# NEED HELP: Point me a good neck knife!



## Federal LG (Dec 31, 2008)

I need a good neck knife.

Something small, thin, light, that I can use around my neck while using shirt and tie.

I saw that Buck Hartsook... what do you guys think ?
And what about the Boker Subcom ?

Thanks in advance for your help!

LG


----------



## Monocrom (Dec 31, 2008)

Chad's fixed blade Subcom is a neat little knife, just like all of his designs. 

I believe Lighthound has it in stock.


----------



## Federal LG (Dec 31, 2008)

Monocrom... thanks for your help!

I have one eye in Chad´s Subcom neck knife. It´s thin, small and black! Actually, I have one Boker SubCom folder and I love it!

I can´t decide between Boker SubCom and Buck Hartsook. The Hartsook steel is better (it´s S30V), but Boker´s design is more pleasant to my eyes.
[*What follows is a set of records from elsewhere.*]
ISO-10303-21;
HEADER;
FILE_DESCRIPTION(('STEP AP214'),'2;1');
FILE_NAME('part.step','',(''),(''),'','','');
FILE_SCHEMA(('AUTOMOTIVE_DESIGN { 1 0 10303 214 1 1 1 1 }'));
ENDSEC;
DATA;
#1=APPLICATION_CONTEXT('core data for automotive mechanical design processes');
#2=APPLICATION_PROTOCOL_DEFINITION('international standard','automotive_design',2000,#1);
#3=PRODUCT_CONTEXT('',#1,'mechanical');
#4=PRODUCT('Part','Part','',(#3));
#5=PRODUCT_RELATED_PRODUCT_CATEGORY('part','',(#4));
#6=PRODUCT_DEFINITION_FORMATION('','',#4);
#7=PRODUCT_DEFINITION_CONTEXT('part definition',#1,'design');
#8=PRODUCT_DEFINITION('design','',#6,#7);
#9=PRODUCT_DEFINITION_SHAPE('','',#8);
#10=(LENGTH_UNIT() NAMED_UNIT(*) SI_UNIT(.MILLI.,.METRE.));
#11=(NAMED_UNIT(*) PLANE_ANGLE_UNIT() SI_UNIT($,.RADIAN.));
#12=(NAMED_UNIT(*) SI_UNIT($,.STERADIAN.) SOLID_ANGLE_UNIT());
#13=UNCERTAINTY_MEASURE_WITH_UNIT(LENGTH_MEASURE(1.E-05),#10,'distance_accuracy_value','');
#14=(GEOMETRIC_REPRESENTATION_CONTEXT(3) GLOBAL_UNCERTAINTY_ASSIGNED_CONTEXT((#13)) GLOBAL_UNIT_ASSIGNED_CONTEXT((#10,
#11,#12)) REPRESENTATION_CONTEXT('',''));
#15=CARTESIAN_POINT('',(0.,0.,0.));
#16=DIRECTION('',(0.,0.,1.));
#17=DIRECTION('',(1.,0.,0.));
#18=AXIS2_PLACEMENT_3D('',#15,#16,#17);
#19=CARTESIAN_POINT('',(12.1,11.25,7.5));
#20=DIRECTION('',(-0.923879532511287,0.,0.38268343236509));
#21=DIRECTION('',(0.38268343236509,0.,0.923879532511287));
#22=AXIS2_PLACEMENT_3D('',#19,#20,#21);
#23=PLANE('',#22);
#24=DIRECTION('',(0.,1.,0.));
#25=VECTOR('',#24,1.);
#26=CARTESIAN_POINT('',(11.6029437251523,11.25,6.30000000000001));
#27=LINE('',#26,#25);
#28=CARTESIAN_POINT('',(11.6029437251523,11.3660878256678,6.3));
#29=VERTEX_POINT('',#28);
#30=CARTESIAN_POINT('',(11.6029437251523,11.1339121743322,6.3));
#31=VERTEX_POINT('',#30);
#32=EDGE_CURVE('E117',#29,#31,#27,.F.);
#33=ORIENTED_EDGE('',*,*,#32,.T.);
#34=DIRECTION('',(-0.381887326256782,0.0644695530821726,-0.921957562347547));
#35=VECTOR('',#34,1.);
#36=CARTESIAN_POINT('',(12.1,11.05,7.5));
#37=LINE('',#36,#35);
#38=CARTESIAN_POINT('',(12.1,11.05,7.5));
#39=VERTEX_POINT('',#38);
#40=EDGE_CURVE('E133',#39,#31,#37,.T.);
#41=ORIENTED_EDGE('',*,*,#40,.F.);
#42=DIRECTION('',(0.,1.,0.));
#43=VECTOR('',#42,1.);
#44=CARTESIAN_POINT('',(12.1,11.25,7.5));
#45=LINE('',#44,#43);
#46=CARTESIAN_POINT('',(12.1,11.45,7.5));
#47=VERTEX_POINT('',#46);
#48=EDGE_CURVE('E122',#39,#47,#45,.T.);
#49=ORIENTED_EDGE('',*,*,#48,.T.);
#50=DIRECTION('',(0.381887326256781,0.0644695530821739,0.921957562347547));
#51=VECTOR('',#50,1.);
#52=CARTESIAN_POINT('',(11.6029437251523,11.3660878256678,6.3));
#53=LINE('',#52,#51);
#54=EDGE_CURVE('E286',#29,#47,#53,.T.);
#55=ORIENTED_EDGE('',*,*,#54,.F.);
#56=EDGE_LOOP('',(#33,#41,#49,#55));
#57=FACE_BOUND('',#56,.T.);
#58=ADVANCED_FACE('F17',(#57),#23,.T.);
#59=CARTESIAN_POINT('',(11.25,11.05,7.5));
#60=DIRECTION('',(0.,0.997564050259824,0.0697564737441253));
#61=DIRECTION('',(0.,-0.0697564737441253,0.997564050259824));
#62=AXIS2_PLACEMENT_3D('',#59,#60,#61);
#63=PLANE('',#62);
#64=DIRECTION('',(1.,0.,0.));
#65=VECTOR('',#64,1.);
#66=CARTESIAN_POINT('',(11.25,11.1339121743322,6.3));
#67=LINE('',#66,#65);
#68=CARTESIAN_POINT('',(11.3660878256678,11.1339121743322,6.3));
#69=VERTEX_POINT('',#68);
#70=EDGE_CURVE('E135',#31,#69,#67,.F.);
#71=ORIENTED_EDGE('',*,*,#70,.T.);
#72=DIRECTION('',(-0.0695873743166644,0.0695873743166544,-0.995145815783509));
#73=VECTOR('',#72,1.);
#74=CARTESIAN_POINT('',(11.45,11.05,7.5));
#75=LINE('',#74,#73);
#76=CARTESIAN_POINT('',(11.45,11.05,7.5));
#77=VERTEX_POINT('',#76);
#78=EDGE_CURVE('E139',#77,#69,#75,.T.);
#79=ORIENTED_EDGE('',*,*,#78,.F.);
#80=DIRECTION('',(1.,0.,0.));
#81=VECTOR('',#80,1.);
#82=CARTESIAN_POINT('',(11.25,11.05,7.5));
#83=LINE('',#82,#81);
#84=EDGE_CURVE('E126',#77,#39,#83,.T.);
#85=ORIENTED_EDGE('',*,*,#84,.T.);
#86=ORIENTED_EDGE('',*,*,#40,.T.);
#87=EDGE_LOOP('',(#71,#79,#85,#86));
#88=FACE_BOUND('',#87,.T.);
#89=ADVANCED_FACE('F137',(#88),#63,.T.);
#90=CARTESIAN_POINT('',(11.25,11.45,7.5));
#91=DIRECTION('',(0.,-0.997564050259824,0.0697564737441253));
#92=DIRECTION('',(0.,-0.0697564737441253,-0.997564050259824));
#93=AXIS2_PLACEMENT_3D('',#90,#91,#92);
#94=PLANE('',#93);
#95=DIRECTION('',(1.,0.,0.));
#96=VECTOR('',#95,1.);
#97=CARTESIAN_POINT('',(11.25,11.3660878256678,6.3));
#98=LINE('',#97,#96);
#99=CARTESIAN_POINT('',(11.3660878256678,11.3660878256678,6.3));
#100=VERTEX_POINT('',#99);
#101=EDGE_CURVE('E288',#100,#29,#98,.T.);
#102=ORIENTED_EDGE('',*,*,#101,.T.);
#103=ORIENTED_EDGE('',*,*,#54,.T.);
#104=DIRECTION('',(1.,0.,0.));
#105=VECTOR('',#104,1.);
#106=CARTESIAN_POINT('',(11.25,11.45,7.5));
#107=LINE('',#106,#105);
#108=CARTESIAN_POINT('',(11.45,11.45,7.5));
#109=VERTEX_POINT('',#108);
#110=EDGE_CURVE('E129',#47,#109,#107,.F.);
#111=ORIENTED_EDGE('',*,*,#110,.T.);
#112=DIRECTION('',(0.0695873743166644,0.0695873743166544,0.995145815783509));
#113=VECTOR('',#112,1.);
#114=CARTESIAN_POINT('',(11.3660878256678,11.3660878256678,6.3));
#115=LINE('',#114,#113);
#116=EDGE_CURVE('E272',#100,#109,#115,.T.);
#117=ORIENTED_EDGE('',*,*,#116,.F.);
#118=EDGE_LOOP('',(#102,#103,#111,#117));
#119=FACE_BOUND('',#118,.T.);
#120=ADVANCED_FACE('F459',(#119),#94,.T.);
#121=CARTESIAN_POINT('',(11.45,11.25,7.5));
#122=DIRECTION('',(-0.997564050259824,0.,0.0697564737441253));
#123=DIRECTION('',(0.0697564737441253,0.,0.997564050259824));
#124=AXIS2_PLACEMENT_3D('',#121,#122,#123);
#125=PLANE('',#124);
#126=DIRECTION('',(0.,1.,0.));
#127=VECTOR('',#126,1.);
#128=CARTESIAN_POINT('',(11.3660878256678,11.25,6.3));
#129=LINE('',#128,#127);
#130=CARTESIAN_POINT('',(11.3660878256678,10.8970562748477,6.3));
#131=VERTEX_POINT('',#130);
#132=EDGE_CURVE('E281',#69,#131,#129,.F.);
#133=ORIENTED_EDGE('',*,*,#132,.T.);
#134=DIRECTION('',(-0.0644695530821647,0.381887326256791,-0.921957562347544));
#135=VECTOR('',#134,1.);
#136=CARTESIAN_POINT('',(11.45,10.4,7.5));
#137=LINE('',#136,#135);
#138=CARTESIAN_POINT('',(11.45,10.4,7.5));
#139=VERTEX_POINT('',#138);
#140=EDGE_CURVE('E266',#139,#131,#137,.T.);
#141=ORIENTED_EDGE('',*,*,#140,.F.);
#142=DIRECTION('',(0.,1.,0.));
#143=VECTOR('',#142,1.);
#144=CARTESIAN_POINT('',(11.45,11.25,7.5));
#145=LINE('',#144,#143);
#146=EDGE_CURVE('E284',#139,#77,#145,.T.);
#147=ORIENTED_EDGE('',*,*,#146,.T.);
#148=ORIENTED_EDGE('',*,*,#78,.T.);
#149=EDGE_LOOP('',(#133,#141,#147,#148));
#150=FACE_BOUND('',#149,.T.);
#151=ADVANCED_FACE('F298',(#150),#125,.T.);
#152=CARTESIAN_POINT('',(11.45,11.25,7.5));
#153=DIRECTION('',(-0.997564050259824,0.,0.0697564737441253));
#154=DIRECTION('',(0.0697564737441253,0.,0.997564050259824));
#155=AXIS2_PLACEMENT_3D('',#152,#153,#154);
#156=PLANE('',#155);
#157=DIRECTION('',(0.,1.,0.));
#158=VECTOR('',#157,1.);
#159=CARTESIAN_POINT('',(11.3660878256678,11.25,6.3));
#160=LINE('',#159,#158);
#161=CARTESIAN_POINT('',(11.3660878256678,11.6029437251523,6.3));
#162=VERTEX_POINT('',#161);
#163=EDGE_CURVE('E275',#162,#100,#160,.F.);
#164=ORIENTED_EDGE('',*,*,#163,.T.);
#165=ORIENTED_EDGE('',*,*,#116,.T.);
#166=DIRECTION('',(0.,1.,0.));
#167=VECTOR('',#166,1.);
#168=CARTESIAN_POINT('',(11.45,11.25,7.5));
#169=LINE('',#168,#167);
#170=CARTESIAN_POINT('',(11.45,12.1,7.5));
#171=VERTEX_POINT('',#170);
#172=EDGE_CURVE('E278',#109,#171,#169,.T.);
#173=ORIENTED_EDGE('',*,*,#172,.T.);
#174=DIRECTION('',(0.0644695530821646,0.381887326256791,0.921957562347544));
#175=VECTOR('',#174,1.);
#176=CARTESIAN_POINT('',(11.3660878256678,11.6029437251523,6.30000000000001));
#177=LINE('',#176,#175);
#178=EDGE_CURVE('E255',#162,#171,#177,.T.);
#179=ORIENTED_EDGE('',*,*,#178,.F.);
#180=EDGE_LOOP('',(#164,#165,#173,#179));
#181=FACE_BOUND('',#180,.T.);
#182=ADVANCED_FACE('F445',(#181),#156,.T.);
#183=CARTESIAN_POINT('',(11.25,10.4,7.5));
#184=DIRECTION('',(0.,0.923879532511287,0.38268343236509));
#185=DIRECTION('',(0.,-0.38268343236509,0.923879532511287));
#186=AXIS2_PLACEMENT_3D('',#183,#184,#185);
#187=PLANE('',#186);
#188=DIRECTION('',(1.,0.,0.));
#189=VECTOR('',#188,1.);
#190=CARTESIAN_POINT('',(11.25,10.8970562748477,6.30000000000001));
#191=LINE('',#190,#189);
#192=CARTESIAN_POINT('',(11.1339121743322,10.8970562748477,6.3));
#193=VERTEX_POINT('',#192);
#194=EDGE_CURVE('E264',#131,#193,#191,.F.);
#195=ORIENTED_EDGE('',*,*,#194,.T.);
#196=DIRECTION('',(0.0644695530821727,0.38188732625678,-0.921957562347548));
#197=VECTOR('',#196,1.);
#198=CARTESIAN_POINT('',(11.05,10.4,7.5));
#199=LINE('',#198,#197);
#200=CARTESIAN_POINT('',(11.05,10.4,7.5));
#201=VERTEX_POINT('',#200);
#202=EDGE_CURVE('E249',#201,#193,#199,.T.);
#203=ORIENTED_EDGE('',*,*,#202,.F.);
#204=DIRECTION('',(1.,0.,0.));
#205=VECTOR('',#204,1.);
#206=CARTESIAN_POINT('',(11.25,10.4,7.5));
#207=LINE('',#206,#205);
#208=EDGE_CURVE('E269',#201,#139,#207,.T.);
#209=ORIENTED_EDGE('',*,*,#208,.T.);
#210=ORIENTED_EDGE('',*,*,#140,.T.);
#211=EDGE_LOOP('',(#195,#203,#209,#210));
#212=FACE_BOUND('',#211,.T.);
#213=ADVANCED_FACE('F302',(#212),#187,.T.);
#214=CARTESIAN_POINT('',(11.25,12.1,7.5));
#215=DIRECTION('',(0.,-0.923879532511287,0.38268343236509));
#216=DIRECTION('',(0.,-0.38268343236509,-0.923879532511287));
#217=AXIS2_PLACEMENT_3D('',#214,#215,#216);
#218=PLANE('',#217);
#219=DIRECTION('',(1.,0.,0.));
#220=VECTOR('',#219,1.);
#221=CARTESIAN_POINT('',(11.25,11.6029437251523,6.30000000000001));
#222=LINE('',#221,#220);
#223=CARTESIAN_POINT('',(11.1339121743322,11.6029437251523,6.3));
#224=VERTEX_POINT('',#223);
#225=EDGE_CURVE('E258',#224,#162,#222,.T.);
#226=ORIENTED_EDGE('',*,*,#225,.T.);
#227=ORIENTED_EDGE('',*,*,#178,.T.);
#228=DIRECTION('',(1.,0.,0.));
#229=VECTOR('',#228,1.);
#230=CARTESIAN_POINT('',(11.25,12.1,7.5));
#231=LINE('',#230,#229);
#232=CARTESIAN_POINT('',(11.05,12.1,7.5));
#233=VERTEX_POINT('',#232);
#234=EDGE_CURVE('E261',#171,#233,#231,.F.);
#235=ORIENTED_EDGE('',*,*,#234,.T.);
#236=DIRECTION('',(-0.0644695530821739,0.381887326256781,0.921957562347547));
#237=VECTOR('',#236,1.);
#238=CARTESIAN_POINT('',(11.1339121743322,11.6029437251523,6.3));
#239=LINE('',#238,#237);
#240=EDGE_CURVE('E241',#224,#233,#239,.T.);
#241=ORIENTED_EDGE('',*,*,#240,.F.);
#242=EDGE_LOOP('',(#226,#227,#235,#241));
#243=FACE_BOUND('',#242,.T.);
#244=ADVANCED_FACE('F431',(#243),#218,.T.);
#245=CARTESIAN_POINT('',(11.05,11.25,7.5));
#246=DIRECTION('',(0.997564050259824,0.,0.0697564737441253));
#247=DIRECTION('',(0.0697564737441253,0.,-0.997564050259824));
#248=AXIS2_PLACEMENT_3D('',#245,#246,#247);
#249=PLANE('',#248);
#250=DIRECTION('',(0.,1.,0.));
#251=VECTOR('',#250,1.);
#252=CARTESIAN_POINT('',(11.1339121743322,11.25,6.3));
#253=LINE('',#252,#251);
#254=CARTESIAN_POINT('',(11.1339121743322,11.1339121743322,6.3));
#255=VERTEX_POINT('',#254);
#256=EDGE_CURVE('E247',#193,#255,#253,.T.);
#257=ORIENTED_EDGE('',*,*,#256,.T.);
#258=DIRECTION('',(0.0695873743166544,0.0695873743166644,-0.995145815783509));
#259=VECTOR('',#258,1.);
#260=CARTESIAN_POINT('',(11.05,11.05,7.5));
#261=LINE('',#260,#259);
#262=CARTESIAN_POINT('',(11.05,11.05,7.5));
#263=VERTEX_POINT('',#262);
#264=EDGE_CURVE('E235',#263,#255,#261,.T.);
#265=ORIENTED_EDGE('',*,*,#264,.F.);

I can´t find any good reviews or opinions about the Buck Hartsook in the "internets" 

Do you know if both of them has kydex sheats with a good blade grip?


----------



## macforsale (Dec 31, 2008)

.....


----------



## Federal LG (Dec 31, 2008)

Nice!

In some stores (like Lighthound and Knife Supply), they say that Boker´s Chad Edit is made of 440C steel.

In Boker´s official site, they say it is made of AUS8 steel: http://www.boker.de/index.php?c=17,15,&a=02BO020&p=&pp=0

Who might be right ? I mean... maybe the last produced models is made of AUS8, and the earlier is made of 440C ?

How thick is the Buck Hartsook ?

Thanks for all the help!


----------



## macforsale (Dec 31, 2008)

......


----------



## Monocrom (Jan 1, 2009)

Federal LG said:


> Do you know if both of them has kydex sheaths with a good blade grip?


 
Can't speak about that particular Buck model. As for the Boker, let's just say that there's a good reason why it comes with a pre-attached lanyard.


----------



## Federal LG (Jan 1, 2009)

Macforsale is right... I just cannot find any decent pictures on "internets" of Buck Hartsook, to see it´s size and thickness, with a good perspective.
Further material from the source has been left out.